Segment Start: DATA EXTRACTS
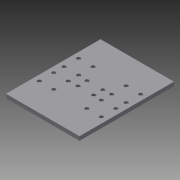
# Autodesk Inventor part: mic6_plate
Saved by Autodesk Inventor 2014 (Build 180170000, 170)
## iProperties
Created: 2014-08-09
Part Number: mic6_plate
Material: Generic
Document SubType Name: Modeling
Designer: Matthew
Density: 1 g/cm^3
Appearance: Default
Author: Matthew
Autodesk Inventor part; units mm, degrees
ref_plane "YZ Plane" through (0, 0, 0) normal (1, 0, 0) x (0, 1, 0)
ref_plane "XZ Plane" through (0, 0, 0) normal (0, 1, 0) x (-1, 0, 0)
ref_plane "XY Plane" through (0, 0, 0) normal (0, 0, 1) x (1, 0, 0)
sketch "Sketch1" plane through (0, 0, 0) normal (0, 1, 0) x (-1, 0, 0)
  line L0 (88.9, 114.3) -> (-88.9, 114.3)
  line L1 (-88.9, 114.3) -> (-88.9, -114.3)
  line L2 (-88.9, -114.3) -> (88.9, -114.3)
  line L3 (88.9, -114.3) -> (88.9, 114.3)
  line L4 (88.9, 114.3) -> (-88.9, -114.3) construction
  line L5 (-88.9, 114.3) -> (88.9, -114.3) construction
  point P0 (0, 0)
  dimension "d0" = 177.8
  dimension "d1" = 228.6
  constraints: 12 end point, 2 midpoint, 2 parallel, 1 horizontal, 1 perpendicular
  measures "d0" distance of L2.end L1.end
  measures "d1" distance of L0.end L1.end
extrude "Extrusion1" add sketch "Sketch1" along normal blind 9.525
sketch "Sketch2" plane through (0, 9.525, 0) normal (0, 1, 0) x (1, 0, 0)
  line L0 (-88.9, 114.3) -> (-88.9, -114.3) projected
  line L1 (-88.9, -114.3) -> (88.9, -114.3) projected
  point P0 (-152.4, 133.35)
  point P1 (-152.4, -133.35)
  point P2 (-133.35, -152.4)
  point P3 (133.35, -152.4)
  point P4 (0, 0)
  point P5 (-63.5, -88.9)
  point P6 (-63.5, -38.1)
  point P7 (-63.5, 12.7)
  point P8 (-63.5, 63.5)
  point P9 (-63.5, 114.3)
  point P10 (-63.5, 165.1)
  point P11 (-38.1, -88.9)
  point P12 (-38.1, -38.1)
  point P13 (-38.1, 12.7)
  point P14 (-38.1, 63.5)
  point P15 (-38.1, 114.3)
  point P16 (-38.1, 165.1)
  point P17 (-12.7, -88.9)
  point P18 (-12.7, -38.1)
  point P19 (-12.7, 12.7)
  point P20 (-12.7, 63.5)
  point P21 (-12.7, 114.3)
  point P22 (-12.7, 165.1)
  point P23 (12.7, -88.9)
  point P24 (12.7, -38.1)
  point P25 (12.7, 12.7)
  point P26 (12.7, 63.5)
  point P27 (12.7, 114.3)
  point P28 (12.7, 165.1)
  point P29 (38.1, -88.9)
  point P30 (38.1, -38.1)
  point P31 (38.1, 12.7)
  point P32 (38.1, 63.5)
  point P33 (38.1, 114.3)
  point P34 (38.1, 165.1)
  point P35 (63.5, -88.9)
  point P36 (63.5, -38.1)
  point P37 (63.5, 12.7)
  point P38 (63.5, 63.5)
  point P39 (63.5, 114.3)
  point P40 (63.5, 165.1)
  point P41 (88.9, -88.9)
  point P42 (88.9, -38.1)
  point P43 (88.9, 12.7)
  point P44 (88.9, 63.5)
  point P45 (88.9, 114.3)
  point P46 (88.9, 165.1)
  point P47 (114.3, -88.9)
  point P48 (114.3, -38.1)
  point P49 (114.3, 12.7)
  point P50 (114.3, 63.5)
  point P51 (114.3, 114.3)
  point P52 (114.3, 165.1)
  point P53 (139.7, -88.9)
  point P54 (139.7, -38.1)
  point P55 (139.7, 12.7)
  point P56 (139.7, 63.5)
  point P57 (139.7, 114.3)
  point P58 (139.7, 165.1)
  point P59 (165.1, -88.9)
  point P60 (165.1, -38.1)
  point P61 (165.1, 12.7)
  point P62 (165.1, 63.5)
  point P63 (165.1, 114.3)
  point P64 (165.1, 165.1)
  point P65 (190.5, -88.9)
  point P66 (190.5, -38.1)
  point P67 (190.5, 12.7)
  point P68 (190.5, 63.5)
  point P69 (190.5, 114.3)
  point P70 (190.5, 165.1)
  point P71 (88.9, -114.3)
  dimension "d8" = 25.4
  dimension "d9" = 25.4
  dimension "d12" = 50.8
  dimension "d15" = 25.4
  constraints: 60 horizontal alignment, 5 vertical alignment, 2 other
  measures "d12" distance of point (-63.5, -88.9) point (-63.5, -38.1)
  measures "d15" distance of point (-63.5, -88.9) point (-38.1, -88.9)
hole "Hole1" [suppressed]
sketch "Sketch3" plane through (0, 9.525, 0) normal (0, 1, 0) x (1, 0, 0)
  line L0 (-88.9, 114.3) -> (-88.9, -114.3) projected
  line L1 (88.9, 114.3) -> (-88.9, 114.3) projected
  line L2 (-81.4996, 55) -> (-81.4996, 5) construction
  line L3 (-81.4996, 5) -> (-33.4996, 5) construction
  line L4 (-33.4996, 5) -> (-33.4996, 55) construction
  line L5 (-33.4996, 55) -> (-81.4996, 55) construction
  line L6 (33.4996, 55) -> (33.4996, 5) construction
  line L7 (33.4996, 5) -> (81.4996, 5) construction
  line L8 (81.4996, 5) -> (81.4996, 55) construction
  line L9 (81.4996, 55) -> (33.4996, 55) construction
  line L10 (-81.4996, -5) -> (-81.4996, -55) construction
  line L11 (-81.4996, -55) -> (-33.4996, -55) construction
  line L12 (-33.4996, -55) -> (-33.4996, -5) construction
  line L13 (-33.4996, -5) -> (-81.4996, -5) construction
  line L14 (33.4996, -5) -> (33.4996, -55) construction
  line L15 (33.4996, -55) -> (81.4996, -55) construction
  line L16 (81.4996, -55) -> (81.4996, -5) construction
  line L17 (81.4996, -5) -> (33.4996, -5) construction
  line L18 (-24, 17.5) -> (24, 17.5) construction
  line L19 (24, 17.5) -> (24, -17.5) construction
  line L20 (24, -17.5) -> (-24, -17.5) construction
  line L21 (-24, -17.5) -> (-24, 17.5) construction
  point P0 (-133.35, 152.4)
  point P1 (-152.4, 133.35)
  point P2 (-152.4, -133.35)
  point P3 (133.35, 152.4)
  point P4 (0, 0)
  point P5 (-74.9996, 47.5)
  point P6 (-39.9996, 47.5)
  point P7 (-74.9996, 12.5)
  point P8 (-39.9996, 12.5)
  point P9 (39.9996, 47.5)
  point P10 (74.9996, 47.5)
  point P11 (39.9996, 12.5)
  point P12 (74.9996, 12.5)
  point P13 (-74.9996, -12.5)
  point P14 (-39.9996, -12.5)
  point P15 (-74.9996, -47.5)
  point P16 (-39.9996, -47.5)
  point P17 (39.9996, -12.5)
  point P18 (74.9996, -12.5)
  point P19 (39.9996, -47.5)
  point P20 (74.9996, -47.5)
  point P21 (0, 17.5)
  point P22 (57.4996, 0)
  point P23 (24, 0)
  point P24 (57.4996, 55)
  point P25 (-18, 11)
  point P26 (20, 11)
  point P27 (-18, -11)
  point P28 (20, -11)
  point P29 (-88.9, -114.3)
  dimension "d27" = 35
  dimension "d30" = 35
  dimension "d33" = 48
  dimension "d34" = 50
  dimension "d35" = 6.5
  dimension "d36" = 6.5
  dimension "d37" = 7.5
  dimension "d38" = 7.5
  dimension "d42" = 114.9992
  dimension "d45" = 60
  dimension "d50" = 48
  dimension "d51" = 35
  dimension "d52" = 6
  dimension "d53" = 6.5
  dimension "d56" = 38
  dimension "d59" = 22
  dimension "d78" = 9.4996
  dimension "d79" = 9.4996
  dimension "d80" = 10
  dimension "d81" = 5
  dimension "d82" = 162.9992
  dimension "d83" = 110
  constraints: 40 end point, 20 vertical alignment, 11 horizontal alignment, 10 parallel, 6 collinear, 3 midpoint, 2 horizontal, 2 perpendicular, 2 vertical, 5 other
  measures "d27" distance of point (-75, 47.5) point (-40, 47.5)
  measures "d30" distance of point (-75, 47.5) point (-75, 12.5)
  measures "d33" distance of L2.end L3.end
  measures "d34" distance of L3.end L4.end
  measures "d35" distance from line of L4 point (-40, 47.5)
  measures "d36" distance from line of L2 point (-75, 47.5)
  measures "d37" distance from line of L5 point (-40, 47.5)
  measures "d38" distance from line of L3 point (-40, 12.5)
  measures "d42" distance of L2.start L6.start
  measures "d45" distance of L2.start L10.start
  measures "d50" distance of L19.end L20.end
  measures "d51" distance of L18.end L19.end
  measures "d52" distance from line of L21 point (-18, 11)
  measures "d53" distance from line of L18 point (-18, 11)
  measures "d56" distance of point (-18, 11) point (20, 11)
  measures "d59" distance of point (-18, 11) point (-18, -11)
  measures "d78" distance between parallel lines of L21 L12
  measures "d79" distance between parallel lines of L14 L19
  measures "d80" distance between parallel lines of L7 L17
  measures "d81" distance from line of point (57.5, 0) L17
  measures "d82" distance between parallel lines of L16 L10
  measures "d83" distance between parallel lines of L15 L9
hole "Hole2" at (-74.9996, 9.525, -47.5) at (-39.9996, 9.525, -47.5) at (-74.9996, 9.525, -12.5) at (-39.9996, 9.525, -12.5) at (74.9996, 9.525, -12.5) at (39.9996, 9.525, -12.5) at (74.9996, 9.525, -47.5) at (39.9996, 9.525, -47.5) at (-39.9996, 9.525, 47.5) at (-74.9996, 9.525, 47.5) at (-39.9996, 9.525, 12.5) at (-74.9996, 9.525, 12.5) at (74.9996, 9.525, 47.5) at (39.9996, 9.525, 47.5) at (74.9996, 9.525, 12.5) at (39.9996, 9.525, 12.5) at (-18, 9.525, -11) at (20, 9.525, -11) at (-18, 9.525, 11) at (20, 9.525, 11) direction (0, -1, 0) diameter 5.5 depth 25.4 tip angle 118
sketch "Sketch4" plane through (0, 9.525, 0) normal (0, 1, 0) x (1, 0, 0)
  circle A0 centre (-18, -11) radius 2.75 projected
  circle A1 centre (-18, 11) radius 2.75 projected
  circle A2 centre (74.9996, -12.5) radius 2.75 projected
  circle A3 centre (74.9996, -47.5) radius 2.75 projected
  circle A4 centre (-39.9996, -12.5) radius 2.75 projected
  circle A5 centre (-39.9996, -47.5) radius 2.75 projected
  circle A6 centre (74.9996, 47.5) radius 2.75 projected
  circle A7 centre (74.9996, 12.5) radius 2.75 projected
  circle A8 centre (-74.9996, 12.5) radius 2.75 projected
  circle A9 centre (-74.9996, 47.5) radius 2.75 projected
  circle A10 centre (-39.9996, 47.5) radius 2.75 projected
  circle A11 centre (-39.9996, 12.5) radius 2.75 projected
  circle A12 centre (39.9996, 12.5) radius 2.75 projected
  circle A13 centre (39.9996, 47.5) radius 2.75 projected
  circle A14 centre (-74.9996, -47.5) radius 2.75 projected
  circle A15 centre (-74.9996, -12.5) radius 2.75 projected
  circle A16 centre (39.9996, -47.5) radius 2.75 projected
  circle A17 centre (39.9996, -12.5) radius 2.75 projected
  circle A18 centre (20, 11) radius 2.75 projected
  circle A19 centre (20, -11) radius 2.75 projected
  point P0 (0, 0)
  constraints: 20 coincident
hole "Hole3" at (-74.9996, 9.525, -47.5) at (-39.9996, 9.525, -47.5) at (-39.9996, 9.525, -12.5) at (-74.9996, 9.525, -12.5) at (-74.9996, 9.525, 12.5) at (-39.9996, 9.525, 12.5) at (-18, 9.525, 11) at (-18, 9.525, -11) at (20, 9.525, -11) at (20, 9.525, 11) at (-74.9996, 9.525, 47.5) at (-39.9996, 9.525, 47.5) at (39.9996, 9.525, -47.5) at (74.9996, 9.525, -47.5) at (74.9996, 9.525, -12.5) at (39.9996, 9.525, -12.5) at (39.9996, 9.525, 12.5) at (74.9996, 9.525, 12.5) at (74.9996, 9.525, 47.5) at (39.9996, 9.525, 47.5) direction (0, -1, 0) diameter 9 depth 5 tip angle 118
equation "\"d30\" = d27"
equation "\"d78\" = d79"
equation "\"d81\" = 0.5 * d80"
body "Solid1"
Segment End: DATA EXTRACTS
> WHAT YOU ARE ASKED TO DO:
Among the lines in the data above, find those containing "midpoint" and give only how many there are.

> EXERCISE RESULT:
2